ACTION ITEM => Copy the data precisely, character for character, and leave out every picture.

↓↓↓

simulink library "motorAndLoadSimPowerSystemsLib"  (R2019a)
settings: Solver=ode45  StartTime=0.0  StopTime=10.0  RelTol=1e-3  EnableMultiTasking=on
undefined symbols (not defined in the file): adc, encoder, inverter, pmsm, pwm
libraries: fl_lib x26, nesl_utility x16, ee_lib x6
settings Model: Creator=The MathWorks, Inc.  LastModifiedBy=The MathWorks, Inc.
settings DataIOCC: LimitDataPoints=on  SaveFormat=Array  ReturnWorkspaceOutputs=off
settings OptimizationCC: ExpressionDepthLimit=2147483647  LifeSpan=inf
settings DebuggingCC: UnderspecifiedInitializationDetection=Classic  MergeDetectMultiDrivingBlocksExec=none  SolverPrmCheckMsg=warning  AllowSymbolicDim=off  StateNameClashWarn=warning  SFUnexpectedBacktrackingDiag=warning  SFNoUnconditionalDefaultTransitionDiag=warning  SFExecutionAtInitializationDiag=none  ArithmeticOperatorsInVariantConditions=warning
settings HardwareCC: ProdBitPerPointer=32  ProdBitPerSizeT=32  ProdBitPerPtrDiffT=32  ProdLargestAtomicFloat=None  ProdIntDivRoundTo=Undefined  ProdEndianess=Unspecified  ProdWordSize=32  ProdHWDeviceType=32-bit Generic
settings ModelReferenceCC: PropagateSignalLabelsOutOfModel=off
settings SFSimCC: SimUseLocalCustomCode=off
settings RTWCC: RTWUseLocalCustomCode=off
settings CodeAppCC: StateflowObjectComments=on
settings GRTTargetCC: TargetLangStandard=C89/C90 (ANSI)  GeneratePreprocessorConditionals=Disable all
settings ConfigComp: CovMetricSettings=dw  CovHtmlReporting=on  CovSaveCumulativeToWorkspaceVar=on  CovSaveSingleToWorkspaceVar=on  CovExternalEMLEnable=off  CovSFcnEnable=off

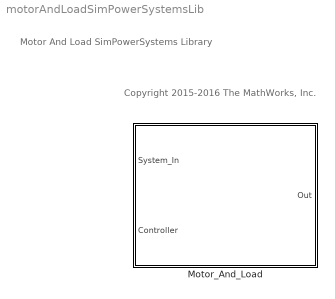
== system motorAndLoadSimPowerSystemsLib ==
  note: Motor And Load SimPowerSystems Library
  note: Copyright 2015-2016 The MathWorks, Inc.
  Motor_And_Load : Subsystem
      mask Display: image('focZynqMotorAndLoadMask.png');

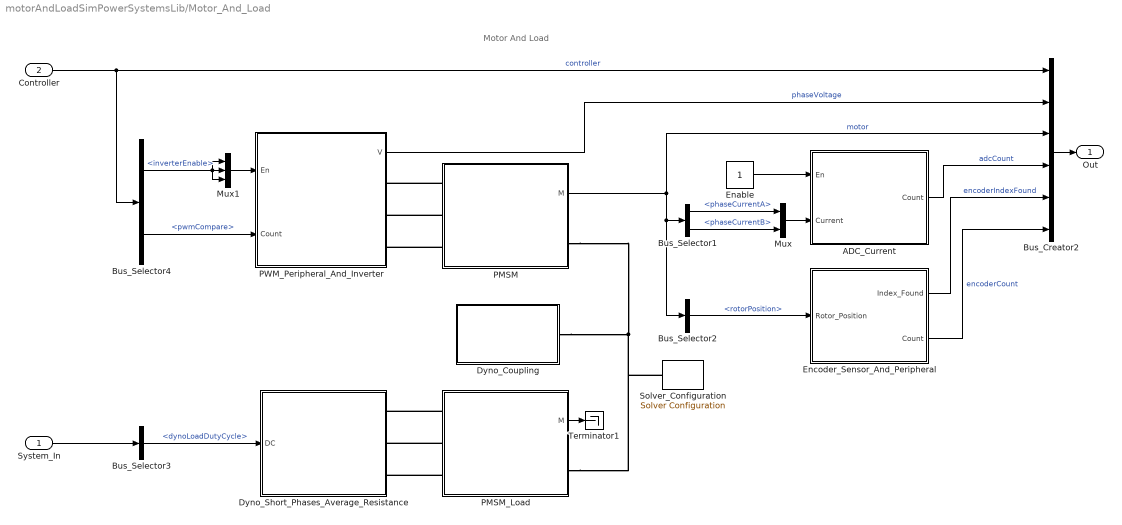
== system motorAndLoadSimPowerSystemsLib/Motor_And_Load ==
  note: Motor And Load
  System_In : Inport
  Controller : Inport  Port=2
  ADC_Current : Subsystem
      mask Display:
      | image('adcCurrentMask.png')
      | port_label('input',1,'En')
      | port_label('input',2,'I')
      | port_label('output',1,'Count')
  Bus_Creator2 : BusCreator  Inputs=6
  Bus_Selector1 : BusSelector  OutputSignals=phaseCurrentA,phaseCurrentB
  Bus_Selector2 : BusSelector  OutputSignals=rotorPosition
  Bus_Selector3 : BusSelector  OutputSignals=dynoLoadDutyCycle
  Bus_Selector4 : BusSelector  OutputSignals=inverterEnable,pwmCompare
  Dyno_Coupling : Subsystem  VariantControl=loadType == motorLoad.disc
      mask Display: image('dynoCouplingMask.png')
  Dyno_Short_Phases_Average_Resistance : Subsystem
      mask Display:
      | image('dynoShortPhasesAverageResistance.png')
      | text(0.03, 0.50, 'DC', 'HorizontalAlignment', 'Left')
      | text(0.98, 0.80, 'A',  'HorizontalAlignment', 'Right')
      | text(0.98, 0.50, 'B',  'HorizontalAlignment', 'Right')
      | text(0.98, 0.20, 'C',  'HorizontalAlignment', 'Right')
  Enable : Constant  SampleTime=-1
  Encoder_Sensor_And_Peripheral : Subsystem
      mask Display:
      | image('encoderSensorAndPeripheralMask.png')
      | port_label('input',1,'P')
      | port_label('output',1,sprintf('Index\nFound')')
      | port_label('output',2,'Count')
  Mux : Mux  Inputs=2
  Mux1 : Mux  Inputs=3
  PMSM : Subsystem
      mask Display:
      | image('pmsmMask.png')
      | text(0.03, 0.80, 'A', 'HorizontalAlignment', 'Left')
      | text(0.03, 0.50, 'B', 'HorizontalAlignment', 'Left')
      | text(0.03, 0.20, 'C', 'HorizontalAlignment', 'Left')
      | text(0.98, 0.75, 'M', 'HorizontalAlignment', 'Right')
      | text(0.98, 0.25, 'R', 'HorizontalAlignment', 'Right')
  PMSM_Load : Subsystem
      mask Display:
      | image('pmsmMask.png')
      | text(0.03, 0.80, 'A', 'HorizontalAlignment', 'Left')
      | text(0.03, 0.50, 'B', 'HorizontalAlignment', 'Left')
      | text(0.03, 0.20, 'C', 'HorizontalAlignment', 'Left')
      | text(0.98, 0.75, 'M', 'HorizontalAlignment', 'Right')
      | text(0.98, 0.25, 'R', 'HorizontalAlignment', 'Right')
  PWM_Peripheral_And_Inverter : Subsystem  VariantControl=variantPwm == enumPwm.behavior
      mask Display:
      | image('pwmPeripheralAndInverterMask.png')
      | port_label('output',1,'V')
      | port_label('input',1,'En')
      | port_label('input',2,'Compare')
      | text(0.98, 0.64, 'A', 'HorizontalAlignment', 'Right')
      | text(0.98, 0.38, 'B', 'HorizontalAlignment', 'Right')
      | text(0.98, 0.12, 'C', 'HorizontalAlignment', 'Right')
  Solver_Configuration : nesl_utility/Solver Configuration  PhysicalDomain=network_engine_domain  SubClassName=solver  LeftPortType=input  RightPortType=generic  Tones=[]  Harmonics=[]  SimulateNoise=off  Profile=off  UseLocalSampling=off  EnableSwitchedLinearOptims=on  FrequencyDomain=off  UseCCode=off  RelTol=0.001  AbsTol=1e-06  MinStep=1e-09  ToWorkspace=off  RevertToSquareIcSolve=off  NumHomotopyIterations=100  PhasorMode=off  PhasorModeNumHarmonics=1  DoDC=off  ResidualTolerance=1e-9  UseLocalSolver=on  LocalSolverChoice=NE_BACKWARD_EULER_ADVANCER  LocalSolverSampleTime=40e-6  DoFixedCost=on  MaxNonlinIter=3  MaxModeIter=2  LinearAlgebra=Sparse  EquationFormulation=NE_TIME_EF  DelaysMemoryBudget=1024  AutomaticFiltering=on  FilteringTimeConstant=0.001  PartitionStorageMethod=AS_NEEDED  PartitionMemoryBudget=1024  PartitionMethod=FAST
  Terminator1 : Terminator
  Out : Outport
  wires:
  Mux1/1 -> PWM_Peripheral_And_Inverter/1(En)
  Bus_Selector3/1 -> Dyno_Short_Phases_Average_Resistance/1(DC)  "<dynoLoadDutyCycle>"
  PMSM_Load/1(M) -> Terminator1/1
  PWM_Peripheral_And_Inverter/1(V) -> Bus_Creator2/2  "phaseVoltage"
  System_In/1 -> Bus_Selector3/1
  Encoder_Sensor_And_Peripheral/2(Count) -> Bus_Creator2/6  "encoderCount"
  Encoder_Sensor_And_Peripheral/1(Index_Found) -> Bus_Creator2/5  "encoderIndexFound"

↑↑↑

YOUR SOLUTION =>
simulink library "motorAndLoadSimPowerSystemsLib"  (R2019a)
settings: Solver=ode45  StartTime=0.0  StopTime=10.0  RelTol=1e-3  EnableMultiTasking=on
undefined symbols (not defined in the file): adc, encoder, inverter, pmsm, pwm
libraries: fl_lib x26, nesl_utility x16, ee_lib x6
settings Model: Creator=The MathWorks, Inc.  LastModifiedBy=The MathWorks, Inc.
settings DataIOCC: LimitDataPoints=on  SaveFormat=Array  ReturnWorkspaceOutputs=off
settings OptimizationCC: ExpressionDepthLimit=2147483647  LifeSpan=inf
settings DebuggingCC: UnderspecifiedInitializationDetection=Classic  MergeDetectMultiDrivingBlocksExec=none  SolverPrmCheckMsg=warning  AllowSymbolicDim=off  StateNameClashWarn=warning  SFUnexpectedBacktrackingDiag=warning  SFNoUnconditionalDefaultTransitionDiag=warning  SFExecutionAtInitializationDiag=none  ArithmeticOperatorsInVariantConditions=warning
settings HardwareCC: ProdBitPerPointer=32  ProdBitPerSizeT=32  ProdBitPerPtrDiffT=32  ProdLargestAtomicFloat=None  ProdIntDivRoundTo=Undefined  ProdEndianess=Unspecified  ProdWordSize=32  ProdHWDeviceType=32-bit Generic
settings ModelReferenceCC: PropagateSignalLabelsOutOfModel=off
settings SFSimCC: SimUseLocalCustomCode=off
settings RTWCC: RTWUseLocalCustomCode=off
settings CodeAppCC: StateflowObjectComments=on
settings GRTTargetCC: TargetLangStandard=C89/C90 (ANSI)  GeneratePreprocessorConditionals=Disable all
settings ConfigComp: CovMetricSettings=dw  CovHtmlReporting=on  CovSaveCumulativeToWorkspaceVar=on  CovSaveSingleToWorkspaceVar=on  CovExternalEMLEnable=off  CovSFcnEnable=off

== system motorAndLoadSimPowerSystemsLib ==
  note: Motor And Load SimPowerSystems Library
  note: Copyright 2015-2016 The MathWorks, Inc.
  Motor_And_Load : Subsystem
      mask Display: image('focZynqMotorAndLoadMask.png');

== system motorAndLoadSimPowerSystemsLib/Motor_And_Load ==
  note: Motor And Load
  System_In : Inport
  Controller : Inport  Port=2
  ADC_Current : Subsystem
      mask Display:
      | image('adcCurrentMask.png')
      | port_label('input',1,'En')
      | port_label('input',2,'I')
      | port_label('output',1,'Count')
  Bus_Creator2 : BusCreator  Inputs=6
  Bus_Selector1 : BusSelector  OutputSignals=phaseCurrentA,phaseCurrentB
  Bus_Selector2 : BusSelector  OutputSignals=rotorPosition
  Bus_Selector3 : BusSelector  OutputSignals=dynoLoadDutyCycle
  Bus_Selector4 : BusSelector  OutputSignals=inverterEnable,pwmCompare
  Dyno_Coupling : Subsystem  VariantControl=loadType == motorLoad.disc
      mask Display: image('dynoCouplingMask.png')
  Dyno_Short_Phases_Average_Resistance : Subsystem
      mask Display:
      | image('dynoShortPhasesAverageResistance.png')
      | text(0.03, 0.50, 'DC', 'HorizontalAlignment', 'Left')
      | text(0.98, 0.80, 'A',  'HorizontalAlignment', 'Right')
      | text(0.98, 0.50, 'B',  'HorizontalAlignment', 'Right')
      | text(0.98, 0.20, 'C',  'HorizontalAlignment', 'Right')
  Enable : Constant  SampleTime=-1
  Encoder_Sensor_And_Peripheral : Subsystem
      mask Display:
      | image('encoderSensorAndPeripheralMask.png')
      | port_label('input',1,'P')
      | port_label('output',1,sprintf('Index\nFound')')
      | port_label('output',2,'Count')
  Mux : Mux  Inputs=2
  Mux1 : Mux  Inputs=3
  PMSM : Subsystem
      mask Display:
      | image('pmsmMask.png')
      | text(0.03, 0.80, 'A', 'HorizontalAlignment', 'Left')
      | text(0.03, 0.50, 'B', 'HorizontalAlignment', 'Left')
      | text(0.03, 0.20, 'C', 'HorizontalAlignment', 'Left')
      | text(0.98, 0.75, 'M', 'HorizontalAlignment', 'Right')
      | text(0.98, 0.25, 'R', 'HorizontalAlignment', 'Right')
  PMSM_Load : Subsystem
      mask Display:
      | image('pmsmMask.png')
      | text(0.03, 0.80, 'A', 'HorizontalAlignment', 'Left')
      | text(0.03, 0.50, 'B', 'HorizontalAlignment', 'Left')
      | text(0.03, 0.20, 'C', 'HorizontalAlignment', 'Left')
      | text(0.98, 0.75, 'M', 'HorizontalAlignment', 'Right')
      | text(0.98, 0.25, 'R', 'HorizontalAlignment', 'Right')
  PWM_Peripheral_And_Inverter : Subsystem  VariantControl=variantPwm == enumPwm.behavior
      mask Display:
      | image('pwmPeripheralAndInverterMask.png')
      | port_label('output',1,'V')
      | port_label('input',1,'En')
      | port_label('input',2,'Compare')
      | text(0.98, 0.64, 'A', 'HorizontalAlignment', 'Right')
      | text(0.98, 0.38, 'B', 'HorizontalAlignment', 'Right')
      | text(0.98, 0.12, 'C', 'HorizontalAlignment', 'Right')
  Solver_Configuration : nesl_utility/Solver Configuration  PhysicalDomain=network_engine_domain  SubClassName=solver  LeftPortType=input  RightPortType=generic  Tones=[]  Harmonics=[]  SimulateNoise=off  Profile=off  UseLocalSampling=off  EnableSwitchedLinearOptims=on  FrequencyDomain=off  UseCCode=off  RelTol=0.001  AbsTol=1e-06  MinStep=1e-09  ToWorkspace=off  RevertToSquareIcSolve=off  NumHomotopyIterations=100  PhasorMode=off  PhasorModeNumHarmonics=1  DoDC=off  ResidualTolerance=1e-9  UseLocalSolver=on  LocalSolverChoice=NE_BACKWARD_EULER_ADVANCER  LocalSolverSampleTime=40e-6  DoFixedCost=on  MaxNonlinIter=3  MaxModeIter=2  LinearAlgebra=Sparse  EquationFormulation=NE_TIME_EF  DelaysMemoryBudget=1024  AutomaticFiltering=on  FilteringTimeConstant=0.001  PartitionStorageMethod=AS_NEEDED  PartitionMemoryBudget=1024  PartitionMethod=FAST
  Terminator1 : Terminator
  Out : Outport
  wires:
  Mux1/1 -> PWM_Peripheral_And_Inverter/1(En)
  Bus_Selector3/1 -> Dyno_Short_Phases_Average_Resistance/1(DC)  "<dynoLoadDutyCycle>"
  PMSM_Load/1(M) -> Terminator1/1
  PWM_Peripheral_And_Inverter/1(V) -> Bus_Creator2/2  "phaseVoltage"
  System_In/1 -> Bus_Selector3/1
  Encoder_Sensor_And_Peripheral/2(Count) -> Bus_Creator2/6  "encoderCount"
  Encoder_Sensor_And_Peripheral/1(Index_Found) -> Bus_Creator2/5  "encoderIndexFound"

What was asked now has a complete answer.